Mandatory sentencing guidelines are present for most crimes in England, with the judge sentencing a defendant upon a verdict of guilty.

A “solicitor” generally has all of the contact with the client, performs all the legal research and prepares legal memorandums and motions. All trial preparation is generally handled by the “solicitor”. A “barrister” is the attorney who actually appears as lead counsel in court for the client. The “barrister” is hired or retained by the “solicitor” and the “solicitor” must pay the “barrister” for his services regardless of whether or not the client pays the “solicitor.”

In England it is very common for private attorneys to continually switch roles within the system. Again, this is a major departure from American practice. Private solicitors and barristers can be hired on a case-by-case basis by the government to serve as a prosecutor. It is very common for private attorneys in England to serve as a judge for a year or two and then return to private practice as either a solicitor or a barrister.

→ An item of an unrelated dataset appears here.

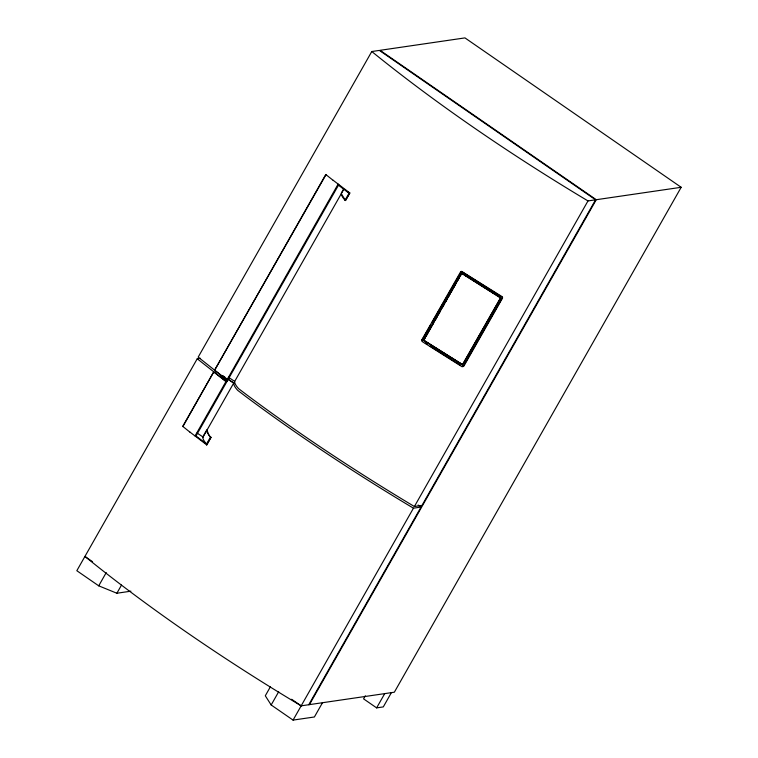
<?xml version="1.0" encoding="UTF-8"?>
<svg xmlns="http://www.w3.org/2000/svg" width="758" height="758" viewBox="0 0 758 758"><rect width="100%" height="100%" fill="white"/><g stroke="black" fill="none" stroke-linecap="round" stroke-linejoin="round"><path stroke-width="1.14" d="M200.482 358.307L197.232 358.78L76.823 570.708L98.72 585.83L116.874 593.239L130.897 591.183M343.734 189.405L234.696 381.407L234.743 382.487A32.082 8.414 29.6 0 0 238.647 388.693L246.843 394.927A580.799 152.282 29.6 0 0 414.389 506.515L421.988 505.406L595.589 199.809L379.37 50.416L371.78 51.525L198.179 357.122L221.952 375.987L226.964 379.796L227.76 379.682M182.687 426.403L213.747 371.894L182.905 426.574M333.132 180.262L349.826 192.968L345.468 200.529L345.061 200.226L349.031 193.233L337.869 184.744L338.807 184.611L227.94 379.767L227.012 379.9L214.599 370.226L325.779 174.501L333.293 180.461M98.72 585.83L106.234 572.593M223.591 379.142L224.747 377.114M195.052 435.983L226.017 381.464L226.813 381.35L221.743 377.152A3.705 0.966 29.6 0 1 222.103 376.082M227.012 379.9L338.153 184.08M222.217 376.167A3.534 0.929 29.6 0 0 222.454 377.749L226.993 381.435L196.341 435.386L195.412 435.528L206.564 444.017L210.534 437.025L209.293 435.566A32.414 8.499 29.6 0 1 206.868 431.075C206.811 427.635 208.621 437.319 211.018 437.319L206.735 444.87L211.018 437.319M206.564 444.017L205.323 442.558A32.414 8.499 29.6 0 1 202.898 438.067L202.841 436.864L206.811 429.871M345.061 200.226L343.81 198.767A32.414 8.499 29.6 0 1 341.394 194.275L341.337 193.072L343.601 189.074M202.774 437.537L233.748 383.017L227.466 378.858M116.874 593.239L121.507 585.091M345.468 200.529L349.826 192.968M422.168 339.849L430.838 324.585M431.984 322.557L461.508 271.326L502.44 296.861L502.573 297.989L463.868 366.123L462.475 366.465M462.74 364.75L423.4 340.427L461.518 273.335L463.792 274.453M461.793 273.193L423.675 340.295L462.551 364.844M423.4 340.427L424.992 338.182M426.129 336.154L427.872 333.103M429.019 331.066L430.762 328.015M431.908 325.987L433.652 322.936M435.376 319.885L437.12 316.835M438.257 314.807L440 311.746M442.302 307.691L444.046 304.631M445.192 302.603L446.936 299.552M448.082 297.524L449.826 294.464M450.963 292.436L452.706 289.385M453.853 287.358L455.596 284.297M457.898 280.242L459.064 278.195M460.788 275.154L461.954 273.117M270.502 686.606L265.3 695.778L271.174 704.978L293.062 720.1L314.39 716.983L322.491 702.723M462.266 364.977L500.668 297.742L463.129 363.821M271.174 704.978L278.688 691.732M293.062 720.1L413.451 508.182L421.05 507.064L308.762 704.732M414.389 506.515L587.99 200.927L595.589 199.809M309.425 704.637L596.262 199.714L681.177 187.292L394.34 692.215L301.163 705.84A580.799 152.282 29.6 0 1 84.943 556.448L92.542 561.706M365.318 695.816L363.584 698.867L376.631 707.877L383.292 706.901L391.393 692.641M376.631 707.877L384.723 693.617M226.993 381.435L226.064 381.568L213.652 371.884M214.599 370.226L326.006 174.672M461.802 364.162L423.826 340.219M460.712 365.375L430.108 346.179M467.089 276.462L490.341 291.129M492.274 292.351L495.192 294.18M465.782 275.713L499.674 297.117M461.518 273.335L500.384 297.875M425.333 343.128L427.218 344.34M228.376 377.228L234.696 381.407M227.428 378.886L233.748 383.074L233.805 384.154A32.082 8.414 29.6 0 0 237.699 390.351L245.895 396.595A580.799 152.282 29.6 0 0 413.451 508.182M197.014 432.998L202.841 436.864M681.177 187.292L464.957 37.9L380.042 50.322L596.262 199.714M418.122 505.046L421.05 507.064M291.641 699.264L301.163 705.84M226.017 381.464L197.232 358.78M190.04 432.164L206.735 444.87M182.782 426.403L190.192 432.354M223.297 376.063L225.079 377.512M226.121 378.289L227.94 379.767M347.78 191.774L349.031 193.233M345.544 200.519L341.64 194.313M422.538 341.28L422.149 340.617M223.771 376.584A3.705 0.966 29.6 0 0 222.861 376.252A3.534 0.929 29.6 0 1 223.809 376.65M587.99 200.927A580.799 152.282 29.6 0 1 371.78 51.525M421.713 340.067L422.092 341.498L461.992 366.701L463.081 366.616L502.071 298.235L501.948 297.108L461.793 271.61L460.703 271.686L421.713 340.067M466.123 275.846L463.621 274.207L466.113 275.855"/></g></svg>

Finally, at the conclusion of the discovery process in England, both the prosecution and the defense are mandated and required to file a joint “case statement” with the court. This document is presented to the jury and contains all points of agreement and stipulations that are present in the case. The “case statement” also outlines specifically points that are contested between the government and the defense. Neither party is allowed to vary from the agreed upon “case statement” submitted to the court prior to the start of the trial.